Turkey > Pamukkale
The ancient Greco-Roman city, Hierapolis of Phrygia, was founded in the 2nd century BC, solely because of the existence of the extensive therapeutic spa of Pamukkale, or the Cotton Castle. The mineral-laden water from the spa cascaded some 100m down the hill slope for thousand of years, depositing a huge amount of calcite along the way, some 2.5km long north-south. Hierapolis then became a well-known spa centre for people to recuperate and rest, and medical tourism bloomed.
And this is how it looks from Denizli, some 20km away — a patch of whiteness on the side of the hills.
Just before reaching the white calcite area or travertine terraces — Pammukale or ‘Cotton Castle’ — there’s the Antique Pool complex worth seeing.
This is where the spa water comes out via numerous underground springs, and for many thousands of years was patronised by humans as a remedy for various ailments.
Looks pretty impressive, radioactive some more. For thousands of years, people have been coming to this exact spot to soak in the therapeutic water. Many came to Hierapolis to find cure for illnesses and maybe to retire here, but many also died as attested by the two large necropolises.
This is the main pool, but being winter now, nobody dares to go in, even though the water temperature is said to be a pleasant 35°C.
There was a big quake in 7th c. AD, and these pillars fell into the spa water, to be left there undisturbed.
A UNESCO World Heritage Site indeed, and yes, you can swim or dive among these submerged Roman ruins, for a fee. How cool could that be?
This is the deepest part of the system where the water comes bubbling out of the ground. Said to be heated by magma, the water passes through mineral-rich earth. The water is deep, and it looks like a flooded subterranean cave down there — no swimming here.
There’s a pump for visitors to draw some water to drink or to take home. I gulp a mouthful, wow! … hot and salty, but tastes better than ‘air zamzam’.
I start to notice cats all over the place, independent free-ranging cats. Generally they look good, well-fed and are friendly. I think the Turkish people look after these critters.
After the encounter with the holy water and cats of Hierapolis, we stroll over to a shaded area, which looks very promising.
Shoes, parked orderly around trees? Hmmm … this better be interesting.
There you go — the world famous Cotton Castle of Pamukkale (actually Pamukkale means ‘Cotton Castle’ in Turkish) — white travertine terraces formed over thousands of years, by the minerals deposited by the spa water which slowly flows 100m downhill to the fertile valley below.
The whole complex is now totally protected, and visitors are allowed to tread on this precious miracle formation only within a designated area. You stray out, and security would come after you.

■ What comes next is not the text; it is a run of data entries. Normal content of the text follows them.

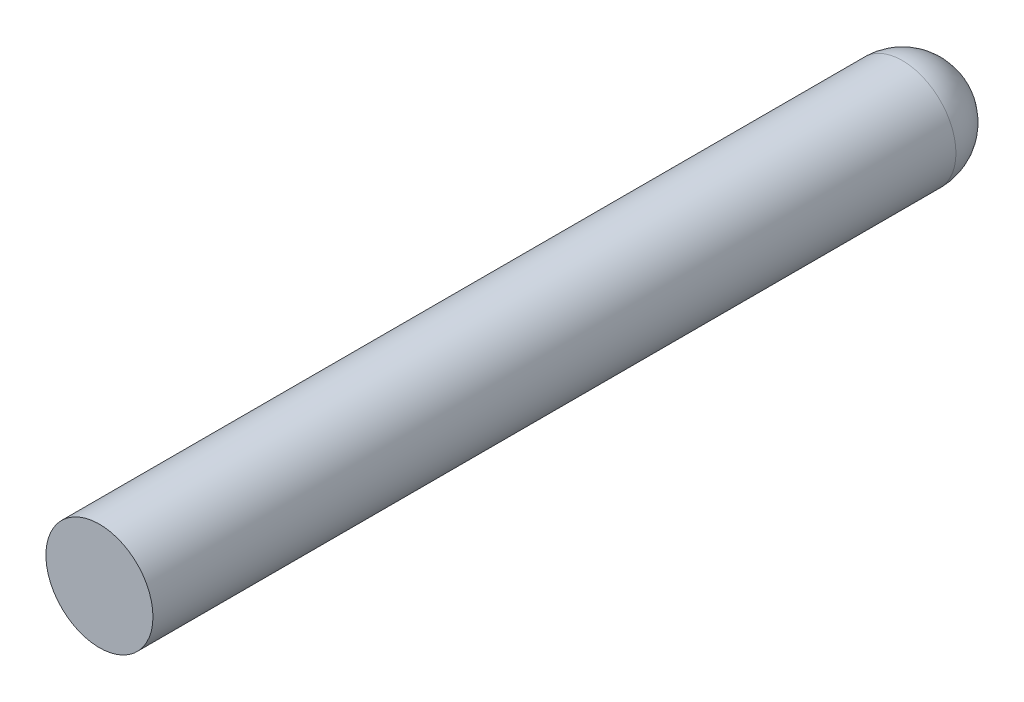
ISO-10303-21;
HEADER;
FILE_DESCRIPTION(('STEP AP214'),'2;1');
FILE_NAME('part.step','',(''),(''),'','','');
FILE_SCHEMA(('AUTOMOTIVE_DESIGN { 1 0 10303 214 1 1 1 1 }'));
ENDSEC;
DATA;
#1=APPLICATION_CONTEXT('core data for automotive mechanical design processes');
#2=APPLICATION_PROTOCOL_DEFINITION('international standard','automotive_design',2000,#1);
#3=PRODUCT_CONTEXT('',#1,'mechanical');
#4=PRODUCT('Part','Part','',(#3));
#5=PRODUCT_RELATED_PRODUCT_CATEGORY('part','',(#4));
#6=PRODUCT_DEFINITION_FORMATION('','',#4);
#7=PRODUCT_DEFINITION_CONTEXT('part definition',#1,'design');
#8=PRODUCT_DEFINITION('design','',#6,#7);
#9=PRODUCT_DEFINITION_SHAPE('','',#8);
#10=(LENGTH_UNIT() NAMED_UNIT(*) SI_UNIT(.MILLI.,.METRE.));
#11=(NAMED_UNIT(*) PLANE_ANGLE_UNIT() SI_UNIT($,.RADIAN.));
#12=(NAMED_UNIT(*) SI_UNIT($,.STERADIAN.) SOLID_ANGLE_UNIT());
#13=UNCERTAINTY_MEASURE_WITH_UNIT(LENGTH_MEASURE(1.E-05),#10,'distance_accuracy_value','');
#14=(GEOMETRIC_REPRESENTATION_CONTEXT(3) GLOBAL_UNCERTAINTY_ASSIGNED_CONTEXT((#13)) GLOBAL_UNIT_ASSIGNED_CONTEXT((#10,
#11,#12)) REPRESENTATION_CONTEXT('',''));
#15=CARTESIAN_POINT('',(0.,0.,0.));
#16=DIRECTION('',(0.,0.,1.));
#17=DIRECTION('',(1.,0.,0.));
#18=AXIS2_PLACEMENT_3D('',#15,#16,#17);
#19=CARTESIAN_POINT('',(0.,0.,381.));
#20=DIRECTION('',(0.,0.,-1.));
#21=DIRECTION('',(-1.,0.,0.));
#22=AXIS2_PLACEMENT_3D('',#19,#20,#21);
#23=CYLINDRICAL_SURFACE('',#22,25.4);
#24=CARTESIAN_POINT('',(0.,0.,381.));
#25=DIRECTION('',(0.,0.,1.));
#26=DIRECTION('',(1.,0.,0.));
#27=AXIS2_PLACEMENT_3D('',#24,#25,#26);
#28=CIRCLE('',#27,25.4);
#29=CARTESIAN_POINT('',(25.4,0.,381.));
#30=VERTEX_POINT('',#29);
#31=EDGE_CURVE('E10',#30,#30,#28,.T.);
#32=ORIENTED_EDGE('',*,*,#31,.F.);
#33=EDGE_LOOP('',(#32));
#34=FACE_BOUND('',#33,.T.);
#35=CARTESIAN_POINT('',(0.,0.,0.));
#36=DIRECTION('',(0.,0.,1.));
#37=DIRECTION('',(1.,0.,0.));
#38=AXIS2_PLACEMENT_3D('',#35,#36,#37);
#39=CIRCLE('',#38,25.4);
#40=CARTESIAN_POINT('',(25.4,0.,0.));
#41=VERTEX_POINT('',#40);
#42=EDGE_CURVE('E46',#41,#41,#39,.T.);
#43=ORIENTED_EDGE('',*,*,#42,.T.);
#44=EDGE_LOOP('',(#43));
#45=FACE_BOUND('',#44,.T.);
#46=ADVANCED_FACE('F39',(#34,#45),#23,.T.);
#47=CARTESIAN_POINT('',(0.,0.,381.));
#48=DIRECTION('',(0.,0.,1.));
#49=DIRECTION('',(1.,0.,0.));
#50=AXIS2_PLACEMENT_3D('',#47,#48,#49);
#51=PLANE('',#50);
#52=ORIENTED_EDGE('',*,*,#31,.T.);
#53=EDGE_LOOP('',(#52));
#54=FACE_BOUND('',#53,.T.);
#55=ADVANCED_FACE('F56',(#54),#51,.T.);
#56=CARTESIAN_POINT('',(0.,0.,0.));
#57=DIRECTION('',(0.,0.,1.));
#58=DIRECTION('',(-1.,0.,0.));
#59=AXIS2_PLACEMENT_3D('',#56,#57,#58);
#60=SPHERICAL_SURFACE('',#59,25.4);
#61=ORIENTED_EDGE('',*,*,#42,.F.);
#62=EDGE_LOOP('',(#61));
#63=FACE_BOUND('',#62,.T.);
#64=ADVANCED_FACE('F54',(#63),#60,.T.);
#65=CLOSED_SHELL('',(#46,#55,#64));
#66=MANIFOLD_SOLID_BREP('B2',#65);
#67=ADVANCED_BREP_SHAPE_REPRESENTATION('',(#18,#66),#14);
#68=SHAPE_DEFINITION_REPRESENTATION(#9,#67);
ENDSEC;
END-ISO-10303-21;

It’s a fantastic view — greenish-blue pools, white terraces, small town, green valley, sun rays, hills, snow-capped mountains.
This is the only portion of Pamukkale open to the public. You can in fact walk all the way down to town below using the path on the left. Just be careful since its quite slippery, and barefoot only.
People just stand in the warm pool while soaking in the ambience and the great view. Mind you, the temperature today is just above freezing, made worse by the winds.
And yes, you just have to find the best angle, no compromise … and they become my subjects.
Looking uphill, I can imagine mineral-laden water seeping out of the rocks, thus forming this very old (now dry) travertine over a very long time. Nowadays they control the water flow by building a network of drains and locks. It’s not as natural as it used to be.
Our footwear removed, and we are finally ready to brave the cold and the wind.
We walk gingerly across the wet, slippery travertine. It’s warm, and as we head for the pool, the water better be as hot as promised.
At last we are in the pool proper. It’s not too bad, though it’s very cold, especially with the winds. Our feet are warm and very happy in the 35°C wonder water of Hierapolis. At the back, note the old travertine I mentioned before and of course, the ruins of Hierapolis.
The water is comfortably warm, and the surface of the travertine is quite slippery as my feet try to get a good grip, so one needs to be very careful.
The winds get gustier … we should get out soon.